If the test hover goes well, I'll take it to the field and try to get some better pics and perhaps video.
Dogwoodtheone
May 30, 2009, 04:16 PM
I like the "double decker" setup Gadget
Gadget01
May 30, 2009, 11:15 PM
I like the "double decker" setup GadgetIt will be a triple decker when I'm finished to further neaten it up. The receiver will go under the tail gearbox for nearly a wireless appearance.

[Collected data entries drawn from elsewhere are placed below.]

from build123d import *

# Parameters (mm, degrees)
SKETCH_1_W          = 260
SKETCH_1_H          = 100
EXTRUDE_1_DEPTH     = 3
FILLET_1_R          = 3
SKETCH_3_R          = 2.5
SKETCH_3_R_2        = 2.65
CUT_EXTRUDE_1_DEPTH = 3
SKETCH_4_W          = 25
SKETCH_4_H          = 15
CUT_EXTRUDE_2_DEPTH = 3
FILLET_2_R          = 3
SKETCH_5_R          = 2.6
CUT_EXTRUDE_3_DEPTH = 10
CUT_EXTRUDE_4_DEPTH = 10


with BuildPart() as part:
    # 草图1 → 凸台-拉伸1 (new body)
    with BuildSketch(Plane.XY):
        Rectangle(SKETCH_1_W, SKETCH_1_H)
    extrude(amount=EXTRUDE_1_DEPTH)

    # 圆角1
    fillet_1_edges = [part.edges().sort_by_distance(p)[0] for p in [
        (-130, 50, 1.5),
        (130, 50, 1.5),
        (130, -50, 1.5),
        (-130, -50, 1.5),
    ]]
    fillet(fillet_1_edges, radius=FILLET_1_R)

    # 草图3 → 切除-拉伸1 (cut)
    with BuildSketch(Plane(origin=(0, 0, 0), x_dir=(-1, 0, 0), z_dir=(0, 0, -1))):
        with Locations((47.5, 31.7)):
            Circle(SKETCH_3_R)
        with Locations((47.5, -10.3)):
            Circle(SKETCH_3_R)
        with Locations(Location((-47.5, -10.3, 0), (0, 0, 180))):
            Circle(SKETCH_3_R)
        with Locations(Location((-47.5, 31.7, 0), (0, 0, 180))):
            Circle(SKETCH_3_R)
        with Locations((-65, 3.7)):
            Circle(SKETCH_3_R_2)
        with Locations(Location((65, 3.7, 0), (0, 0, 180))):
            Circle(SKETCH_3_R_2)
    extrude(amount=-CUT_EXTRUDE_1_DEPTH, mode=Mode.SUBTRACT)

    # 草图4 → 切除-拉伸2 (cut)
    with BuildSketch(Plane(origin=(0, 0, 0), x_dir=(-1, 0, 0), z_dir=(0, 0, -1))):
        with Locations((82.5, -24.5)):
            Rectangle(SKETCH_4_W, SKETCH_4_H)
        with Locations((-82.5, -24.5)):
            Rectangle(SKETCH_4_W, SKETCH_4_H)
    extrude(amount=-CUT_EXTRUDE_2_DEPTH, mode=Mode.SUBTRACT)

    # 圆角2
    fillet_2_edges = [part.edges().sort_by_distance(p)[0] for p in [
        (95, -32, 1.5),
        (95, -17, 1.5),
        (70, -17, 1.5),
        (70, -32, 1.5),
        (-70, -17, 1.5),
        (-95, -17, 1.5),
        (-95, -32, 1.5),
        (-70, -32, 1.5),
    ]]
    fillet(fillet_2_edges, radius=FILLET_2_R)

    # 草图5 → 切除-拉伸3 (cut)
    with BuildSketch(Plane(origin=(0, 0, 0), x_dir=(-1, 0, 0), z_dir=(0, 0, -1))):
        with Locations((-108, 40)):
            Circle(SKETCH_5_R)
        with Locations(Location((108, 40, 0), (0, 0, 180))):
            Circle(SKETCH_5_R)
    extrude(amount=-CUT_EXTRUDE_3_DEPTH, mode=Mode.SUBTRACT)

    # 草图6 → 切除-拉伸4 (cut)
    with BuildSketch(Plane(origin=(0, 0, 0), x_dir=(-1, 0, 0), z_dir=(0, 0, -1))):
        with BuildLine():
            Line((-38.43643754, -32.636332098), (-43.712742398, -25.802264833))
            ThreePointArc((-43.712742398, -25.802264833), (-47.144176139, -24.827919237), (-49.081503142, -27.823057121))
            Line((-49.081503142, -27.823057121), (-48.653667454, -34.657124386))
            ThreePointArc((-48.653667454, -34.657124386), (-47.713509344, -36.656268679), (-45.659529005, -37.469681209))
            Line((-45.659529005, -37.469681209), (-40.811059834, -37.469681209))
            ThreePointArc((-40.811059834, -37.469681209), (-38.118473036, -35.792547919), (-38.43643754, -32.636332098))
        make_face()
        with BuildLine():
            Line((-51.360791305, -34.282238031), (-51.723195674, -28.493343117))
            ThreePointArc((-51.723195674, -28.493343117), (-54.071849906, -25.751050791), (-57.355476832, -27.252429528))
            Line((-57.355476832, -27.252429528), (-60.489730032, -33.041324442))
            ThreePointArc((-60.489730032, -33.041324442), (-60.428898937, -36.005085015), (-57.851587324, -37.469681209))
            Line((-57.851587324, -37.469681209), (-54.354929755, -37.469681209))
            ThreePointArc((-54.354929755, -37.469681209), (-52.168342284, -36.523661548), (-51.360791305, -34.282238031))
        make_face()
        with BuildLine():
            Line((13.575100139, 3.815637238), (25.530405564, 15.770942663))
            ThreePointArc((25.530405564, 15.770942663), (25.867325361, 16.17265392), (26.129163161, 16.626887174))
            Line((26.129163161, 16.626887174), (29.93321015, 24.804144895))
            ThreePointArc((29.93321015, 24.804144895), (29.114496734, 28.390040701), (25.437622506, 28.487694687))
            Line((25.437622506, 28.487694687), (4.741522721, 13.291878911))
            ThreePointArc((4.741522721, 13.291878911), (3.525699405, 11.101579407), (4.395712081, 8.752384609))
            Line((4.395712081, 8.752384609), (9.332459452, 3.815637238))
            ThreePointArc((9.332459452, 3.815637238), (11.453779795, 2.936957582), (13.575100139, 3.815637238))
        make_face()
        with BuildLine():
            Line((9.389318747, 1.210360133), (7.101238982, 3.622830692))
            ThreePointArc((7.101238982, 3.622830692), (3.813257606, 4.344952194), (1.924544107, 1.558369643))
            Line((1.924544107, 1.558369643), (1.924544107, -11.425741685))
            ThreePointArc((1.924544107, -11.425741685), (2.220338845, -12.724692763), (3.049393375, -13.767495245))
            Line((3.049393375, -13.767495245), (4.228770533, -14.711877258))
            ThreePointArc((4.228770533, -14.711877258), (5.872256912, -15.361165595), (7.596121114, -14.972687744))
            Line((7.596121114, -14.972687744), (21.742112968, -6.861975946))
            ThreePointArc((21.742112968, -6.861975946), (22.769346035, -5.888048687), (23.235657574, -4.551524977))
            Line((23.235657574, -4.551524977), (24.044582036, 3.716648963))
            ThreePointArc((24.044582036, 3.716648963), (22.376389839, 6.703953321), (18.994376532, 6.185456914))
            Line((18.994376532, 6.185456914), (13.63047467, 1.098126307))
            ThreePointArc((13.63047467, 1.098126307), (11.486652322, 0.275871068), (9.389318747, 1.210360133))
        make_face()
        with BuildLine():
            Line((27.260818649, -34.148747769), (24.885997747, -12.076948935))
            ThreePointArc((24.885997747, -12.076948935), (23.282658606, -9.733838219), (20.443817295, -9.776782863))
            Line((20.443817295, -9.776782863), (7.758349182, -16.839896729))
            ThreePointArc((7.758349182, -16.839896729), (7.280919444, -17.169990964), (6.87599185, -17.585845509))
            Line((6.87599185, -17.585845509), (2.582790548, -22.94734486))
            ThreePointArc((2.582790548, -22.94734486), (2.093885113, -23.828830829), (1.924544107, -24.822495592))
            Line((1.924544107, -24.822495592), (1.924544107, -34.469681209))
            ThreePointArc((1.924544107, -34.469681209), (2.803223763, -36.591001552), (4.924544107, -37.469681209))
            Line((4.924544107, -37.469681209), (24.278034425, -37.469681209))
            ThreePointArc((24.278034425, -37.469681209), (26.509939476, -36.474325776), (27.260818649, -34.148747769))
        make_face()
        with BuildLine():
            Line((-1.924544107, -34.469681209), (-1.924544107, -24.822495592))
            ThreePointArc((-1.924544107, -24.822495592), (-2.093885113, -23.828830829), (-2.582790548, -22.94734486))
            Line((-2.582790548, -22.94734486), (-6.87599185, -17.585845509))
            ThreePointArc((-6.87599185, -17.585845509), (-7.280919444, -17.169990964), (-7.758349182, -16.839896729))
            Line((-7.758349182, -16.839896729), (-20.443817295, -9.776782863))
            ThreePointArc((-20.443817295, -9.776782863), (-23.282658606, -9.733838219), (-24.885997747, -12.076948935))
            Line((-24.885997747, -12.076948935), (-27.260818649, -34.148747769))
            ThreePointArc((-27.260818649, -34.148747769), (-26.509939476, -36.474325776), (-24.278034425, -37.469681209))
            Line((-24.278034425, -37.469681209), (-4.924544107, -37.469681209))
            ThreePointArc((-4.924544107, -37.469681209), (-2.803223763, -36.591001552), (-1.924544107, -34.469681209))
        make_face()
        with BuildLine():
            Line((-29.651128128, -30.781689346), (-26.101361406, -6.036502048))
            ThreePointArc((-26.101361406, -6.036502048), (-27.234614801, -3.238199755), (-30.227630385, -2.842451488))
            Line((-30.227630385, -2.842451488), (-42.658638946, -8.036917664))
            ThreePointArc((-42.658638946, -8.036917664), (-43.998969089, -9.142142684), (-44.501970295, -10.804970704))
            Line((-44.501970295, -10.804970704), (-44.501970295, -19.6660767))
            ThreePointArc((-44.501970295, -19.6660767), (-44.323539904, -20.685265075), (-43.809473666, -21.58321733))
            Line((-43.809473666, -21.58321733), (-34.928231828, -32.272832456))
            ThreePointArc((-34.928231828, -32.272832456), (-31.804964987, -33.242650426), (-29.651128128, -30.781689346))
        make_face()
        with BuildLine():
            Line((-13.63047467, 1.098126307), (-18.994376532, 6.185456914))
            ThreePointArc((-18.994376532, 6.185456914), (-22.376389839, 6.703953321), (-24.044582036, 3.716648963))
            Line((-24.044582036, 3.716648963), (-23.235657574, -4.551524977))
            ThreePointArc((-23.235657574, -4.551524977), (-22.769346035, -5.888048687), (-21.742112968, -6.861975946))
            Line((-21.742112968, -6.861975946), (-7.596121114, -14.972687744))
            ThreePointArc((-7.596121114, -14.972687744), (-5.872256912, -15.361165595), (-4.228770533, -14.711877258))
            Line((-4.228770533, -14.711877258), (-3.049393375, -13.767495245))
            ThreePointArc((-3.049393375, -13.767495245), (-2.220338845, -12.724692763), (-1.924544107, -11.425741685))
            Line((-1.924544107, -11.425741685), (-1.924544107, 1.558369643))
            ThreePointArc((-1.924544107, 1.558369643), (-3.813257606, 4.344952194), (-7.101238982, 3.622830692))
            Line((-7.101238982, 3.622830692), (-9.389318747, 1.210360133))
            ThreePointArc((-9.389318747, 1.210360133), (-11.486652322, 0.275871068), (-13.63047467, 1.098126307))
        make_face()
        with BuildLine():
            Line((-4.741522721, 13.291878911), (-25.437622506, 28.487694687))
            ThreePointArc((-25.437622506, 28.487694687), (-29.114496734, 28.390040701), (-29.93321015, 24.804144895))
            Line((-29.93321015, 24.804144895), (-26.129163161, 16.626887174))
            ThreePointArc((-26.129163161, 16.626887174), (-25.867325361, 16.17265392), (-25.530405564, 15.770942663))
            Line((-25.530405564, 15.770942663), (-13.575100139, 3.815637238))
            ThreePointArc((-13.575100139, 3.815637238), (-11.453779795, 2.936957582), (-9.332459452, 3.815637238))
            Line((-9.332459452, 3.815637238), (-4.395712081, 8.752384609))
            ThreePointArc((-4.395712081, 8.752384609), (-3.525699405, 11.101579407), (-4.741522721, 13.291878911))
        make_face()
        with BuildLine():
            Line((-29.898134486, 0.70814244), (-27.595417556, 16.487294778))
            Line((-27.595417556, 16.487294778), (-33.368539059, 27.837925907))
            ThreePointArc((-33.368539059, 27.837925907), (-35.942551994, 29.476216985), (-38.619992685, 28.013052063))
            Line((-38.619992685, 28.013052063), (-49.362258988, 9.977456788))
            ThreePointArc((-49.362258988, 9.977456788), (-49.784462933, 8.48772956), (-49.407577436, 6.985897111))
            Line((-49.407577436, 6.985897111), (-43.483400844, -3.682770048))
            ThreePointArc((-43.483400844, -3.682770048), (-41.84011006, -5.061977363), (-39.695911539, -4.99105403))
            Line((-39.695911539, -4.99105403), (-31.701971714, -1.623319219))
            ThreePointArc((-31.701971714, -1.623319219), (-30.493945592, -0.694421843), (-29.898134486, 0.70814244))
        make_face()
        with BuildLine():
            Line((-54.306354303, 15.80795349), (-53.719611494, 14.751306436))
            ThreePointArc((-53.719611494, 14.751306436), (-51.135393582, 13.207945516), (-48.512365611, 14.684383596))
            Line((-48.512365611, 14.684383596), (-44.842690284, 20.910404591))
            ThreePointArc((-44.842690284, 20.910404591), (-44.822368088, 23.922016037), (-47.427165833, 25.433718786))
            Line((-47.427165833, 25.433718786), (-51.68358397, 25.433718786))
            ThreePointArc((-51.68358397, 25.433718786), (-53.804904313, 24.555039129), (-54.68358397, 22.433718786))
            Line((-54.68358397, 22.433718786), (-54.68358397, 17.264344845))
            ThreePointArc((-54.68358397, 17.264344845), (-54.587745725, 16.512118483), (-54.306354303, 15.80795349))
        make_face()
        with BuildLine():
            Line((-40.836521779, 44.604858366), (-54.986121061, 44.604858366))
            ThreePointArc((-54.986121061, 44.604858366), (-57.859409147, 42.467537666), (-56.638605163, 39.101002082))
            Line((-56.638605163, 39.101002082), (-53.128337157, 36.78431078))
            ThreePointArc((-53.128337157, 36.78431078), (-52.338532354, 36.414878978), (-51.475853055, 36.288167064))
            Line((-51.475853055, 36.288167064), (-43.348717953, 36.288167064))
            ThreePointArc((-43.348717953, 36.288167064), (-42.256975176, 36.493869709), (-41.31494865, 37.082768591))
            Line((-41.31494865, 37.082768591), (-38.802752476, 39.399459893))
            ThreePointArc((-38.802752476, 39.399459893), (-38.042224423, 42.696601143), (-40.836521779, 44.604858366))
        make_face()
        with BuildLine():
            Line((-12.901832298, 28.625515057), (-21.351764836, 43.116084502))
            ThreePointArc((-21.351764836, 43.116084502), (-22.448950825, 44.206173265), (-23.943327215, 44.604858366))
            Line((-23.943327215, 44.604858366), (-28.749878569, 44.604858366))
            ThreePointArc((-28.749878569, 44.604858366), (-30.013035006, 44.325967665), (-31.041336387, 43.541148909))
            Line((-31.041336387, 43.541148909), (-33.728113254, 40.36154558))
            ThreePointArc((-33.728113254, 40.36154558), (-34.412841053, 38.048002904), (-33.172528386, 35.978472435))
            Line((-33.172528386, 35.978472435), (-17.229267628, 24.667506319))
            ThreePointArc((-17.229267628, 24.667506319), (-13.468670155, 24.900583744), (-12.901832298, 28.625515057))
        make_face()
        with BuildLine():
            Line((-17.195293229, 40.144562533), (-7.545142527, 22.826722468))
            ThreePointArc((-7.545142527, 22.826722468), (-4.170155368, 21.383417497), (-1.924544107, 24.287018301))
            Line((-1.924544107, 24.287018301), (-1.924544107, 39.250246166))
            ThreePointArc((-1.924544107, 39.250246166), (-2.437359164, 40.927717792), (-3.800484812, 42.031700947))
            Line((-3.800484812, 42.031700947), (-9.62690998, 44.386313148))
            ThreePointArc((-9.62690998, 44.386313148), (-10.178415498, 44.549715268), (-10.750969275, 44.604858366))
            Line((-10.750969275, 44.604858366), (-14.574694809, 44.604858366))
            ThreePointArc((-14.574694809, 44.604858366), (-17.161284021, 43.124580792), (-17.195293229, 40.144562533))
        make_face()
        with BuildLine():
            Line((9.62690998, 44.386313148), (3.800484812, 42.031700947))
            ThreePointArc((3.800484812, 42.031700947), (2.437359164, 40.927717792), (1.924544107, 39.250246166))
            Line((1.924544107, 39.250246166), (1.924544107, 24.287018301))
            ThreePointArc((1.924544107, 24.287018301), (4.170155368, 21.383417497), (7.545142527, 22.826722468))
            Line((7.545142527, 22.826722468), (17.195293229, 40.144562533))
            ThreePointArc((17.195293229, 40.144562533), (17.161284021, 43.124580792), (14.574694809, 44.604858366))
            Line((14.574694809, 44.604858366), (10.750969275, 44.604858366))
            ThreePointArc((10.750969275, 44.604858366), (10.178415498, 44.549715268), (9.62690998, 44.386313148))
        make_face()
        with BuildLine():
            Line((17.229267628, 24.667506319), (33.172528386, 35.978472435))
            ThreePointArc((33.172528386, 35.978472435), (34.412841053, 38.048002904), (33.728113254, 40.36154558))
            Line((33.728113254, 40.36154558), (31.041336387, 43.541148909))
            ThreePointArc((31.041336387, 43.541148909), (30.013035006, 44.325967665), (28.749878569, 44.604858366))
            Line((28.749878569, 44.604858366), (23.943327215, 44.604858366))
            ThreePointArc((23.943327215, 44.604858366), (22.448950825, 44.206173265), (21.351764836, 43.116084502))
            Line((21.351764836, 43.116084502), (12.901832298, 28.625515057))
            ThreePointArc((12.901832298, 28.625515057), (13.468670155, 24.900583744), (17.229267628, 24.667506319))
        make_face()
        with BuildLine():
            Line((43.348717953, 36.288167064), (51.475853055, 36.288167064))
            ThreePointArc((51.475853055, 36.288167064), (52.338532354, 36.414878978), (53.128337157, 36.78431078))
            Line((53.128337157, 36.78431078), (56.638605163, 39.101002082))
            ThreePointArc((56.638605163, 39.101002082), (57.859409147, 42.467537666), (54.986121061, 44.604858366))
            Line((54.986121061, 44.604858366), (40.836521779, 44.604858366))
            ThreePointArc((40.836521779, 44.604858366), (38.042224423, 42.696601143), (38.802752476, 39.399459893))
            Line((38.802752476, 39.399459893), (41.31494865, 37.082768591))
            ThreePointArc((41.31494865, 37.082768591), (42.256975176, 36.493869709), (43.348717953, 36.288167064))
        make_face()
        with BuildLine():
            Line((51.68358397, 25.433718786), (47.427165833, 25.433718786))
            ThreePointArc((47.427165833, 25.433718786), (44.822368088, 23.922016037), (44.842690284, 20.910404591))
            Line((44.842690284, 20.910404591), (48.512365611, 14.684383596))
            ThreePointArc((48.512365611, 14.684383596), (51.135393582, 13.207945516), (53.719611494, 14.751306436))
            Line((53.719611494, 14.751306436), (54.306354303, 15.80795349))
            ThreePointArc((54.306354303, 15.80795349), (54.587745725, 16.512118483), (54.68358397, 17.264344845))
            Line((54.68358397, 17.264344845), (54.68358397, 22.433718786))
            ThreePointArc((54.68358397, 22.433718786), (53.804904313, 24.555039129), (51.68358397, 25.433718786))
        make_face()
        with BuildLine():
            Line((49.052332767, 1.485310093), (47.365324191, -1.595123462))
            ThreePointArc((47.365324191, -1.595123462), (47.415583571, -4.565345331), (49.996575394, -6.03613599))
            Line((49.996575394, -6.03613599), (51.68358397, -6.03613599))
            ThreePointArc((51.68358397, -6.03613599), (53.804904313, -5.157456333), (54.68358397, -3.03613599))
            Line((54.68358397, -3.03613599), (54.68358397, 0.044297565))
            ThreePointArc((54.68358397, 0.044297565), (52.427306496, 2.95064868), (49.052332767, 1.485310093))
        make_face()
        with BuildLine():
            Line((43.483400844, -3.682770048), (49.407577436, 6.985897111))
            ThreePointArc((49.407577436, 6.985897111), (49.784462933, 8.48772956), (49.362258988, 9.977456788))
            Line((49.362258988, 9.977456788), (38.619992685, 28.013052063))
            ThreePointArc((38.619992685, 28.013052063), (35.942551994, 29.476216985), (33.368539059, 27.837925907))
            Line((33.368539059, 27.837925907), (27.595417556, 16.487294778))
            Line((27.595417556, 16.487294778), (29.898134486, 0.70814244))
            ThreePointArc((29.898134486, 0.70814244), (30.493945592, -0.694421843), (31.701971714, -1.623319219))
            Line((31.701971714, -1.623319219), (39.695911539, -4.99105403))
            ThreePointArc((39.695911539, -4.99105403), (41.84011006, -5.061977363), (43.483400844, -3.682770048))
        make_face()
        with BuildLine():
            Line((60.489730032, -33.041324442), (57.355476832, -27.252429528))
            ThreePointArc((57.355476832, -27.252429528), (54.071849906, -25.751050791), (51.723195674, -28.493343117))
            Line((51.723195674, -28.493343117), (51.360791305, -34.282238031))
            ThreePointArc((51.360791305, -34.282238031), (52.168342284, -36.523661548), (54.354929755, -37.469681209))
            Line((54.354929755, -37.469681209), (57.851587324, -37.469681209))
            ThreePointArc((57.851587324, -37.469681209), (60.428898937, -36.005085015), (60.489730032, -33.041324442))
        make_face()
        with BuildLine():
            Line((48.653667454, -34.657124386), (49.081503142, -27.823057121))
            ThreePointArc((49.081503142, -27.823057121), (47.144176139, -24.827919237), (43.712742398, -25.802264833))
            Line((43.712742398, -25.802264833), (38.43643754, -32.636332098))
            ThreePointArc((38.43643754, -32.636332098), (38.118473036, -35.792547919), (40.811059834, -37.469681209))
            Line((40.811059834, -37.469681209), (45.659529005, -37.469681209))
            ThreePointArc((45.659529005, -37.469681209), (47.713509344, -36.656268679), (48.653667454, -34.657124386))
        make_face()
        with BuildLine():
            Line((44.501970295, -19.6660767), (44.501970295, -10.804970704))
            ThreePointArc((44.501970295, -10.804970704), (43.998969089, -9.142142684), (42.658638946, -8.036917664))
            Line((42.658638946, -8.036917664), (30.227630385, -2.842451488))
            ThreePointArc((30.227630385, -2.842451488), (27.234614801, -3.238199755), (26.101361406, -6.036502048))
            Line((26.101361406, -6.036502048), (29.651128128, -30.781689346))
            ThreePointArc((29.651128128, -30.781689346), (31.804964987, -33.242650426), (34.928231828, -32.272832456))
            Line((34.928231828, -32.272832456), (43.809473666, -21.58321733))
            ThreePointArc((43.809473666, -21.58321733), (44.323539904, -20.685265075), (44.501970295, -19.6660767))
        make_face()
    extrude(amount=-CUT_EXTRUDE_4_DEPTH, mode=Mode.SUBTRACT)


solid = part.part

My initial hover test went well. Tracking is dead-on. All I needed to do was dial back my pitch curve a little to calm it down. It was 0-25-50-75-100. It was just a little too jumpy there. It's much better now at 10-30-50-70-90.
Off to the field!
Gadget01
May 31, 2009, 08:23 AM
Today was the first time I had taken this bird to the field since both the 620 stretch AND the Sk360 install. It's definitely not the Swift I'm used to flying.
Greybird
May 31, 2009, 08:45 AM
Looking good Gadget! The stretched version looks interesting... You are taking the Swift to a different level. These Swifts are great for this stuff. Parts are plentiful, and not too expensve. Boom, belt, blades, anything else to s-t-r-e-t-c-h them?
Greybird
May 31, 2009, 08:46 AM
Does the heli seem bigger when flying it?